TitonsDad - I can hear the frustration in these posts - I have a temper and have to drop the leash when I am like this - when I am like, I WILL TEACH THIS DOG A LESSON kind of thing - I have to walk away. Because I am not going to teach them anything other than that lady is a maniac butthole. I have to watch this - you may get the end result in terms of performance - for a while anyway - but you lose so much more. 

Have you gone to obedience classes with him? I would sign up for an adult dog class. Go and let someone else help you with the parts that lead to that frustration. I can see him getting this a lot better with a mix of positive and corrections. 

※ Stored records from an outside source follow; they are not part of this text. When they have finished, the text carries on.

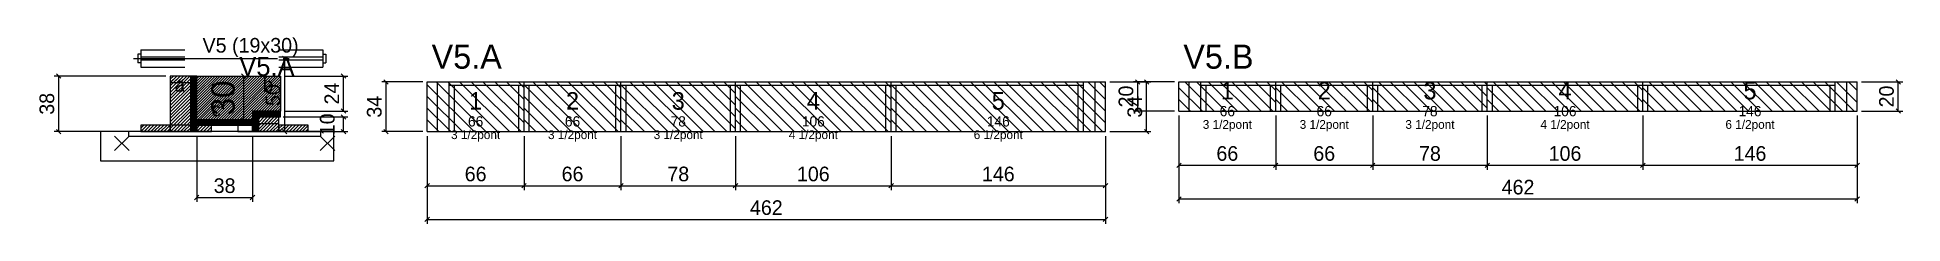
# Model space of a CAD drawing. Extents: x -69 to 1202, y -97 to 31.
import ezdxf
from ezdxf.enums import TextEntityAlignment as Align

# ---------------------------------------------------------------- set-up
doc = ezdxf.new("R2010")
doc.units = 0
for name, color, linetype in [('5', 5, 'Continuous'), ('barrote', 126, 'Continuous'), ('CONCRETO', 251, 'Continuous'), ('COTA', 241, 'Continuous'), ('Cota Seção (2x)', 241, 'Continuous'), ('detalhes', 7, 'Continuous'), ('Hachura', 251, 'Continuous'), ('Madeira', 126, 'Continuous'), ('NOMENCLATURA', 7, 'Continuous'), ('Painéis', 200, 'Continuous'), ('presilha', 224, 'Continuous'), ('Reaproveitamento', 30, 'Continuous'), ('SARR_2.2x7', 40, 'Continuous'), ('SARR_3.5x7', 81, 'Continuous'), ('SCO-___-LAJ', 224, 'Continuous'), ('TENSOR', 224, 'Continuous'), ('texto', 7, 'Continuous'), ('Texto Seção', 7, 'Continuous')]:
    doc.layers.add(name, color=color, linetype=linetype)
doc.dimstyles.new('PAINEL', dxfattribs={"dimtxt": 10, "dimasz": 3, "dimexe": 3, "dimexo": 3, "dimgap": 3, "dimtad": 1, "dimblk": 'OBLIQUE', "dimblk1": 'OBLIQUE', "dimcen": 2.5, "dimclrd": 4, "dimclre": 4, "dimclrt": 240, "dimazin": 3, "dimtfac": 1, "dimtmove": 0, "dimatfit": 3})
doc.dimstyles.new('SECAO2X', dxfattribs={"dimtxt": 16, "dimasz": 3, "dimexe": 3, "dimexo": 3, "dimgap": 3, "dimtad": 1, "dimblk": 'OBLIQUE', "dimblk1": 'OBLIQUE', "dimcen": 2.5, "dimclrd": 4, "dimclre": 4, "dimclrt": 240, "dimazin": 3, "dimtfac": 1, "dimtmove": 0, "dimatfit": 3})

# ---------------------------------------------------------------- blocks, each defined once
blk = doc.blocks.new('_OBLIQUE')
at = {"color": 0, "linetype": 'BYBLOCK'}
blk.add_line((-0.5, -0.5), (0.5, 0.5), dxfattribs=at)

msp = doc.modelspace()

# ---------------------------------------------------------------- hatches: boundary and pattern name
at = {"layer": 'COTA'}
h = msp.add_hatch(dxfattribs=at)
h.set_pattern_fill('ANSI31', scale=0.4)
h.paths.add_polyline_path([(40, -26), (40, 4), (97, 4), (97, -20), (78, -20), (78, -26)])
at = {"layer": 'Hachura'}
h = msp.add_hatch(dxfattribs=at)
h.set_pattern_fill('ANSI31', scale=0.5)
h.paths.add_polyline_path([(22, -34), (36, -34), (36, 4), (22, 4)])
h = msp.add_hatch(dxfattribs=at)
h.set_pattern_fill('ANSI31', scale=0.5)
h.paths.add_polyline_path([(22, -0.4), (36, -0.4), (36, 4), (22, 4)])
h = msp.add_hatch(dxfattribs=at)
h.set_pattern_fill('SOLID')
h.paths.add_polyline_path([(36, -34), (40, -34), (40, 4), (36, 4)])
h = msp.add_hatch(dxfattribs=at)
h.set_pattern_fill('SOLID')
h.paths.add_polyline_path([(78, -24), (97, -24), (97, -20), (78, -20)])
h = msp.add_hatch(dxfattribs=at)
h.set_pattern_fill('SOLID')
h.paths.add_polyline_path([(78, -34), (82, -34), (82, -24), (78, -24)])
h = msp.add_hatch(dxfattribs=at)
h.set_pattern_fill('ANSI31', scale=0.5)
h.paths.add_polyline_path([(82, -34), (96, -34), (96, -24), (82, -24)])
h = msp.add_hatch(dxfattribs=at)
h.set_pattern_fill('ANSI31', scale=0.5)
h.paths.add_polyline_path([(82, -28.4), (96, -28.4), (96, -24), (82, -24)])
h = msp.add_hatch(dxfattribs=at)
h.set_pattern_fill('ANSI31', scale=0.5)
h.paths.add_polyline_path([(2, -34), (22, -34), (22, -29.6), (2, -29.6)])
h = msp.add_hatch(dxfattribs=at)
h.set_pattern_fill('SOLID')
h.paths.add_polyline_path([(40, -29.6), (78, -29.6), (78, -26), (40, -26)])
h = msp.add_hatch(dxfattribs=at)
h.set_pattern_fill('ANSI31', scale=0.5)
h.paths.add_polyline_path([(40, -34), (50, -34), (50, -29.6), (40, -29.6)])
h = msp.add_hatch(dxfattribs=at)
h.set_pattern_fill('ANSI31', scale=0.5)
h.paths.add_polyline_path([(96, -34), (116, -34), (116, -29.6), (96, -29.6)])

# ---------------------------------------------------------------- linework, layer by layer
for p, q in [((0, 19), (0, 13)), ((2, 19), (0, 19)), ((2, 13), (0, 13)), ((2, 22), (32, 22)), ((2, 22), (2, 10)), ((2, 17), (32, 17)), ((2, 15), (32, 15)), ((96, 22), (126, 22)), ((96, 17), (126, 17)), ((96, 15), (126, 15)), ((126, 22), (126, 10)), ((126, 19), (128, 19)), ((126, 13), (128, 13)), ((128, 19), (128, 13)), ((2, 10), (32, 10)), ((96, 10), (126, 10))]:
    msp.add_line(p, q)
at = {"layer": 'barrote'}
msp.add_lwpolyline([(-25.5, -54), (133.5, -54), (133.5, -34), (-25.5, -34)], close=True, dxfattribs=at)
at = {"layer": 'CONCRETO'}
msp.add_lwpolyline([(40, -26), (40, 4), (97, 4), (97, -20), (78, -20), (78, -26)], close=True, dxfattribs=at)
at = {"layer": 'Madeira'}
for points in [[(22, -34), (36, -34), (36, 4), (22, 4)], [(22, -0.4), (36, -0.4), (36, 4), (22, 4)], [(82, -34), (96, -34), (96, -24), (82, -24)], [(82, -28.4), (96, -28.4), (96, -24), (82, -24)], [(2, -34), (22, -34), (22, -29.6), (2, -29.6)], [(22, -34), (36, -34), (36, -29.6), (22, -29.6)], [(40, -34), (50, -34), (50, -29.6), (40, -29.6)], [(68, -34), (78, -34), (78, -29.6), (68, -29.6)], [(96, -34), (116, -34), (116, -29.6), (96, -29.6)]]:
    msp.add_lwpolyline(points, close=True, dxfattribs=at)
at = {"layer": 'Painéis'}
for p, q in [((197, 0), (263, 0)), ((197, -34), (197, 0)), ((263, -34), (263, 0)), ((263, -34), (263, 0)), ((263, 0), (329, 0)), ((263, -34), (263, 0)), ((329, -34), (329, 0)), ((329, -34), (329, 0)), ((329, 0), (407, 0)), ((329, -34), (329, 0)), ((407, -34), (407, 0)), ((407, -34), (407, 0)), ((407, 0), (513, 0)), ((407, -34), (407, 0)), ((513, -34), (513, 0)), ((513, -34), (513, 0)), ((513, 0), (659, 0)), ((513, -34), (513, 0)), ((659, -34), (659, 0)), ((709, 0), (775, 0)), ((709, -20), (709, 0)), ((775, -20), (775, 0)), ((775, -20), (775, 0)), ((775, 0), (841, 0)), ((775, -20), (775, 0)), ((841, -20), (841, 0)), ((841, -20), (841, 0)), ((841, 0), (919, 0)), ((841, -20), (841, 0)), ((919, -20), (919, 0)), ((919, -20), (919, 0)), ((919, 0), (1025, 0)), ((919, -20), (919, 0)), ((1025, -20), (1025, 0)), ((1025, -20), (1025, 0)), ((1025, 0), (1171, 0)), ((1025, -20), (1025, 0)), ((1171, -20), (1171, 0)), ((709, -20), (775, -20)), ((775, -20), (841, -20)), ((841, -20), (919, -20)), ((919, -20), (1025, -20)), ((1025, -20), (1171, -20)), ((197, -34), (263, -34)), ((263, -34), (329, -34)), ((329, -34), (407, -34)), ((407, -34), (513, -34)), ((513, -34), (659, -34))]:
    msp.add_line(p, q, dxfattribs=at)
for points in [[(36, -34), (40, -34), (40, 4), (36, 4)], [(78, -24), (97, -24), (97, -20), (78, -20)], [(78, -34), (82, -34), (82, -24), (78, -24)], [(40, -29.6), (78, -29.6), (78, -26), (40, -26)]]:
    msp.add_lwpolyline(points, close=True, dxfattribs=at)
at = {"layer": 'presilha'}
for p, q in [((-16, -47), (-6, -37)), ((-16, -37), (-6, -47)), ((124, -47), (134, -37)), ((124, -37), (134, -47))]:
    msp.add_line(p, q, dxfattribs=at)
at = {"layer": 'Reaproveitamento', "color": 30}
for p, q in [((237, -34), (203, 0)), ((245, -34), (211, 0)), ((253, -34), (219, 0)), ((261, -34), (227, 0)), ((263, -28), (235, 0)), ((263, -20), (243, 0)), ((263, -12), (251, 0)), ((263, -4), (259, 0)), ((303, -34), (269, 0)), ((311, -34), (277, 0)), ((319, -34), (285, 0)), ((327, -34), (293, 0)), ((329, -28), (301, 0)), ((329, -20), (309, 0)), ((329, -12), (317, 0)), ((329, -4), (325, 0)), ((369, -34), (335, 0)), ((377, -34), (343, 0)), ((385, -34), (351, 0)), ((393, -34), (359, 0)), ((401, -34), (367, 0)), ((407, -32), (375, 0)), ((407, -24), (383, 0)), ((407, -16), (391, 0)), ((407, -8), (399, 0)), ((407, 0), (407, 0)), ((447, -34), (413, 0)), ((455, -34), (421, 0)), ((463, -34), (429, 0)), ((471, -34), (437, 0)), ((479, -34), (445, 0)), ((487, -34), (453, 0)), ((495, -34), (461, 0)), ((503, -34), (469, 0)), ((511, -34), (477, 0)), ((513, -28), (485, 0)), ((513, -20), (493, 0)), ((513, -12), (501, 0)), ((513, -4), (509, 0)), ((553, -34), (519, 0)), ((561, -34), (527, 0)), ((569, -34), (535, 0)), ((577, -34), (543, 0)), ((585, -34), (551, 0)), ((593, -34), (559, 0)), ((601, -34), (567, 0)), ((609, -34), (575, 0)), ((617, -34), (583, 0)), ((625, -34), (591, 0)), ((633, -34), (599, 0)), ((641, -34), (607, 0)), ((649, -34), (615, 0)), ((657, -34), (623, 0)), ((659, -28), (631, 0)), ((659, -20), (639, 0)), ((659, -12), (647, 0)), ((659, -4), (655, 0)), ((733, -20), (713, 0)), ((741, -20), (721, 0)), ((749, -20), (729, 0)), ((757, -20), (737, 0)), ((765, -20), (745, 0)), ((773, -20), (753, 0)), ((775, -14), (761, 0)), ((775, -6), (769, 0)), ((799, -20), (779, 0)), ((807, -20), (787, 0)), ((815, -20), (795, 0)), ((823, -20), (803, 0)), ((831, -20), (811, 0)), ((839, -20), (819, 0)), ((841, -14), (827, 0)), ((841, -6), (835, 0)), ((865, -20), (845, 0)), ((873, -20), (853, 0)), ((881, -20), (861, 0)), ((889, -20), (869, 0)), ((897, -20), (877, 0)), ((905, -20), (885, 0)), ((913, -20), (893, 0)), ((919, -18), (901, 0)), ((919, -10), (909, 0)), ((919, -2), (917, 0)), ((943, -20), (923, 0)), ((951, -20), (931, 0)), ((959, -20), (939, 0)), ((967, -20), (947, 0)), ((975, -20), (955, 0)), ((983, -20), (963, 0)), ((991, -20), (971, 0)), ((999, -20), (979, 0)), ((1007, -20), (987, 0)), ((1015, -20), (995, 0)), ((1023, -20), (1003, 0)), ((1025, -14), (1011, 0)), ((1025, -6), (1019, 0)), ((1049, -20), (1029, 0)), ((1057, -20), (1037, 0)), ((1065, -20), (1045, 0)), ((1073, -20), (1053, 0)), ((1081, -20), (1061, 0)), ((1089, -20), (1069, 0)), ((1097, -20), (1077, 0)), ((1105, -20), (1085, 0)), ((1113, -20), (1093, 0)), ((1121, -20), (1101, 0)), ((1129, -20), (1109, 0)), ((1137, -20), (1117, 0)), ((1145, -20), (1125, 0)), ((1153, -20), (1133, 0)), ((1161, -20), (1141, 0)), ((1169, -20), (1149, 0)), ((1171, -14), (1157, 0)), ((1171, -6), (1165, 0)), ((229, -34), (197, -2)), ((221, -34), (197, -10)), ((295, -34), (263, -2)), ((287, -34), (263, -10)), ((361, -34), (329, -2)), ((353, -34), (329, -10)), ((439, -34), (407, -2)), ((431, -34), (407, -10)), ((545, -34), (513, -2)), ((537, -34), (513, -10)), ((725, -20), (709, -4)), ((717, -20), (709, -12)), ((791, -20), (775, -4)), ((783, -20), (775, -12)), ((857, -20), (841, -4)), ((849, -20), (841, -12)), ((935, -20), (919, -4)), ((927, -20), (919, -12)), ((1041, -20), (1025, -4)), ((1033, -20), (1025, -12)), ((213, -34), (197, -18)), ((279, -34), (263, -18)), ((345, -34), (329, -18)), ((423, -34), (407, -18)), ((529, -34), (513, -18)), ((709, -20), (709, -20)), ((775, -20), (775, -20)), ((841, -20), (841, -20)), ((919, -20), (919, -20)), ((1025, -20), (1025, -20)), ((205, -34), (197, -26)), ((197, -34), (197, -34)), ((271, -34), (263, -26)), ((263, -34), (263, -34)), ((337, -34), (329, -26)), ((329, -34), (329, -34)), ((415, -34), (407, -26)), ((407, -34), (407, -34)), ((521, -34), (513, -26)), ((513, -34), (513, -34))]:
    msp.add_line(p, q, dxfattribs=at)
at = {"layer": 'SARR_2.2x7'}
for p, q in [((204, -34), (204, 0)), ((652, -34), (652, 0)), ((716, -20), (716, 0)), ((1164, -20), (1164, 0)), ((212, -2.2), (263, -2.2)), ((263, -2.2), (329, -2.2)), ((329, -2.2), (407, -2.2)), ((407, -2.2), (513, -2.2)), ((513, -2.2), (644, -2.2)), ((724, -2.2), (775, -2.2)), ((775, -2.2), (841, -2.2)), ((841, -2.2), (919, -2.2)), ((919, -2.2), (1025, -2.2)), ((1025, -2.2), (1156, -2.2))]:
    msp.add_line(p, q, dxfattribs=at)
at = {"layer": 'SARR_3.5x7'}
for p, q in [((212, -34), (212, 0)), ((263, -34), (263, 0)), ((263, -34), (263, 0)), ((329, -34), (329, 0)), ((329, -34), (329, 0)), ((407, -34), (407, 0)), ((407, -34), (407, 0)), ((513, -34), (513, 0)), ((513, -34), (513, 0)), ((644, -34), (644, 0)), ((724, -20), (724, 0)), ((775, -20), (775, 0)), ((775, -20), (775, 0)), ((841, -20), (841, 0)), ((841, -20), (841, 0)), ((919, -20), (919, 0)), ((919, -20), (919, 0)), ((1025, -20), (1025, 0)), ((1025, -20), (1025, 0)), ((1156, -20), (1156, 0)), ((215.5, -34), (215.5, -2.2)), ((259.5, -34), (259.5, -2.2)), ((266.5, -34), (266.5, -2.2)), ((325.5, -34), (325.5, -2.2)), ((332.5, -34), (332.5, -2.2)), ((403.5, -34), (403.5, -2.2)), ((410.5, -34), (410.5, -2.2)), ((509.5, -34), (509.5, -2.2)), ((516.5, -34), (516.5, -2.2)), ((640.5, -34), (640.5, -2.2)), ((727.5, -20), (727.5, -2.2)), ((771.5, -20), (771.5, -2.2)), ((778.5, -20), (778.5, -2.2)), ((837.5, -20), (837.5, -2.2)), ((844.5, -20), (844.5, -2.2)), ((915.5, -20), (915.5, -2.2)), ((922.5, -20), (922.5, -2.2)), ((1021.5, -20), (1021.5, -2.2)), ((1028.5, -20), (1028.5, -2.2)), ((1152.5, -20), (1152.5, -2.2)), ((724, -20), (727.5, -20)), ((771.5, -20), (775, -20)), ((775, -20), (778.5, -20)), ((837.5, -20), (841, -20)), ((841, -20), (844.5, -20)), ((915.5, -20), (919, -20)), ((919, -20), (922.5, -20)), ((1021.5, -20), (1025, -20)), ((1025, -20), (1028.5, -20)), ((1152.5, -20), (1156, -20)), ((212, -34), (215.5, -34)), ((259.5, -34), (263, -34)), ((263, -34), (266.5, -34)), ((325.5, -34), (329, -34)), ((329, -34), (332.5, -34)), ((403.5, -34), (407, -34)), ((407, -34), (410.5, -34)), ((509.5, -34), (513, -34)), ((513, -34), (516.5, -34)), ((640.5, -34), (644, -34))]:
    msp.add_line(p, q, dxfattribs=at)
at = {"layer": 'SCO-___-LAJ'}
msp.add_lwpolyline([(-6.5, -37.2), (124.5, -37.2), (124.5, -34), (-6.5, -34)], close=True, dxfattribs=at)
at = {"layer": 'TENSOR'}
msp.add_line((-3, 16), (95, 16), dxfattribs=at)

# ---------------------------------------------------------------- texts
at = {"layer": '5'}
for s, height, p in [('1', 12, (742, -6)), ('2', 12, (808, -6)), ('3', 12, (880, -6)), ('4', 12, (972, -6)), ('5', 12, (1098, -6)), ('1', 12, (230, -13)), ('2', 12, (296, -13)), ('3', 12, (368, -13)), ('4', 12, (460, -13)), ('5', 12, (586, -13)), ('66', 7, (230, -27)), ('66', 7, (296, -27)), ('78', 7, (368, -27)), ('106', 7, (460, -27)), ('146', 7, (586, -27)), ('66', 7, (742, -20)), ('66', 7, (808, -20)), ('78', 7, (880, -20)), ('106', 7, (972, -20)), ('146', 7, (1098, -20))]:
    msp.add_text(s, height=height, dxfattribs=at).set_placement(p, align=Align.MIDDLE_CENTER)
at = {"layer": 'detalhes'}
for s, p in [('a', (25, -6.7)), ('b', (85, -6.7)), ('c', (50, -23.5))]:
    msp.add_text(s, height=9.6, dxfattribs=at).set_placement(p)
at = {"layer": 'NOMENCLATURA'}
for s, p in [('V5.A', (200, 9)), ('V5.B', (712, 9))]:
    msp.add_text(s, height=16.5, dxfattribs=at).set_placement(p)
at = {"layer": 'texto', "char_height": 6, "attachment_point": 5}
for s, insert in [('3 1/2pont', (230, -37)), ('3 1/2pont', (296, -37)), ('3 1/2pont', (368, -37)), ('4 1/2pont', (460, -37)), ('6 1/2pont', (586, -37)), ('3 1/2pont', (742, -30)), ('3 1/2pont', (808, -30)), ('3 1/2pont', (880, -30)), ('4 1/2pont', (972, -30)), ('6 1/2pont', (1098, -30))]:
    msp.add_mtext(s, dxfattribs=dict(at, insert=insert))
at = {"layer": 'Texto Seção'}
for s, height, p in [('V5 (19x30)', 10, (44, 20)), ('V5.A', 13, (69, 4))]:
    msp.add_text(s, height=height, dxfattribs=at).set_placement(p)

# ---------------------------------------------------------------- dimensions: what is measured, and where the dimension line sits
at = {"layer": 'COTA'}
for base, p1, p2 in [((100, -34), (96, -34), (96, 16)), ((-54, -34), (2, -34), (22, 4)), ((140, -20), (97, -20), (97, 4)), ((169, -34), (197, -34), (197, 0)), ((687, -34), (659, -34), (659, 0)), ((681, -20), (709, -20), (709, 0)), ((1199, -20), (1171, -20), (1171, 0)), ((140, -34), (96, -34), (96, -24))]:
    msp.add_linear_dim(base=base, p1=p1, p2=p2, angle=90, dimstyle='PAINEL', dxfattribs=at).render()
for base, p1, p2 in [((709, -57), (709, -20), (775, -20)), ((709, -80), (709, -20), (1171, -20)), ((775, -57), (775, -20), (841, -20)), ((841, -57), (841, -20), (919, -20)), ((919, -57), (919, -20), (1025, -20)), ((1025, -57), (1025, -20), (1171, -20)), ((40, -79), (40, -34), (78, -34)), ((197, -71), (197, -34), (263, -34)), ((197, -94), (197, -34), (659, -34)), ((263, -71), (263, -34), (329, -34)), ((329, -71), (329, -34), (407, -34)), ((407, -71), (407, -34), (513, -34)), ((513, -71), (513, -34), (659, -34))]:
    msp.add_linear_dim(base=base, p1=p1, p2=p2, dimstyle='PAINEL', dxfattribs=at).render()
at = {"layer": 'Cota Seção (2x)'}
msp.add_linear_dim(base=(72, -26), p1=(40, -26), p2=(40, 4), angle=90, dimstyle='SECAO2X', dxfattribs=at).render()

doc.saveas('drawing.dxf')

He is frustrated (hey, I run half a marathon in the am buddy, and I don't need no steenking leashes) and you are too - a recipe for a bad turn in your relationship. Go to classes, take the pressure off of you.


----------



## TitonsDad (Nov 9, 2009)

JeanKBBMMMAAN said:


> TitonsDad - I can hear the frustration in these posts - I have a temper and have to drop the leash when I am like this - when I am like, I WILL TEACH THIS DOG A LESSON kind of thing - I have to walk away. Because I am not going to teach them anything other than that lady is a maniac butthole. I have to watch this - you may get the end result in terms of performance - for a while anyway - but you lose so much more.
> 
> Have you gone to obedience classes with him? I would sign up for an adult dog class. Go and let someone else help you with the parts that lead to that frustration. I can see him getting this a lot better with a mix of positive and corrections.
> 
> He is frustrated (hey, I run half a marathon in the am buddy, and I don't need no steenking leashes) and you are too - a recipe for a bad turn in your relationship. Go to classes, take the pressure off of you.


1) I am a full blooded German. My temper and fuse is very short. Kinda hard to be in this situation and give up on him when things get heated because it can get even worse for me. A ticket from Animal control for Titon being off leash (due to me dropping the leash and letting him go) in an on leash area, etc.

2) I did go to obedience classes with him but have not since I moved to SLC. I am getting back into training. No worries on that part. 

3) I know that this frustration on both of our parts was just a recipe for disaster. Hope it has no long lasting effects. I was frustrated because I was sore from marathon running in the morning, having to walk up hill with a 77lb dog pulling and not to mention down hill torture on my thighs as well + him pulling. Now, I've got a ripped muscle in my back. Overall, a VERY bad day. There was no positive energy going anywhere. 

*Sigh* I still love him though at times, I want to be the one screaming bloody murder and chasing him around the yard with a hockey mask and axe. (J/K) :wub:


----------



## JeanKBBMMMAAN (May 11, 2005)

I call your full German and raise it with half German-half Italian. I. am. scary. :rofl: 

Seriously though I didn't mean literally drop the leash, but mentally. I will just stop myself and get on home or get to where I can put the dog away. It works a lot better - I learned on my poor first dog who I trained with the more compulsive methods that just seem to bring out my most negative aspects.  I will always regret that because HE was smarter than ME and I lost every time I tried to use might over right. So did he. I was lucky that he bounced back too. 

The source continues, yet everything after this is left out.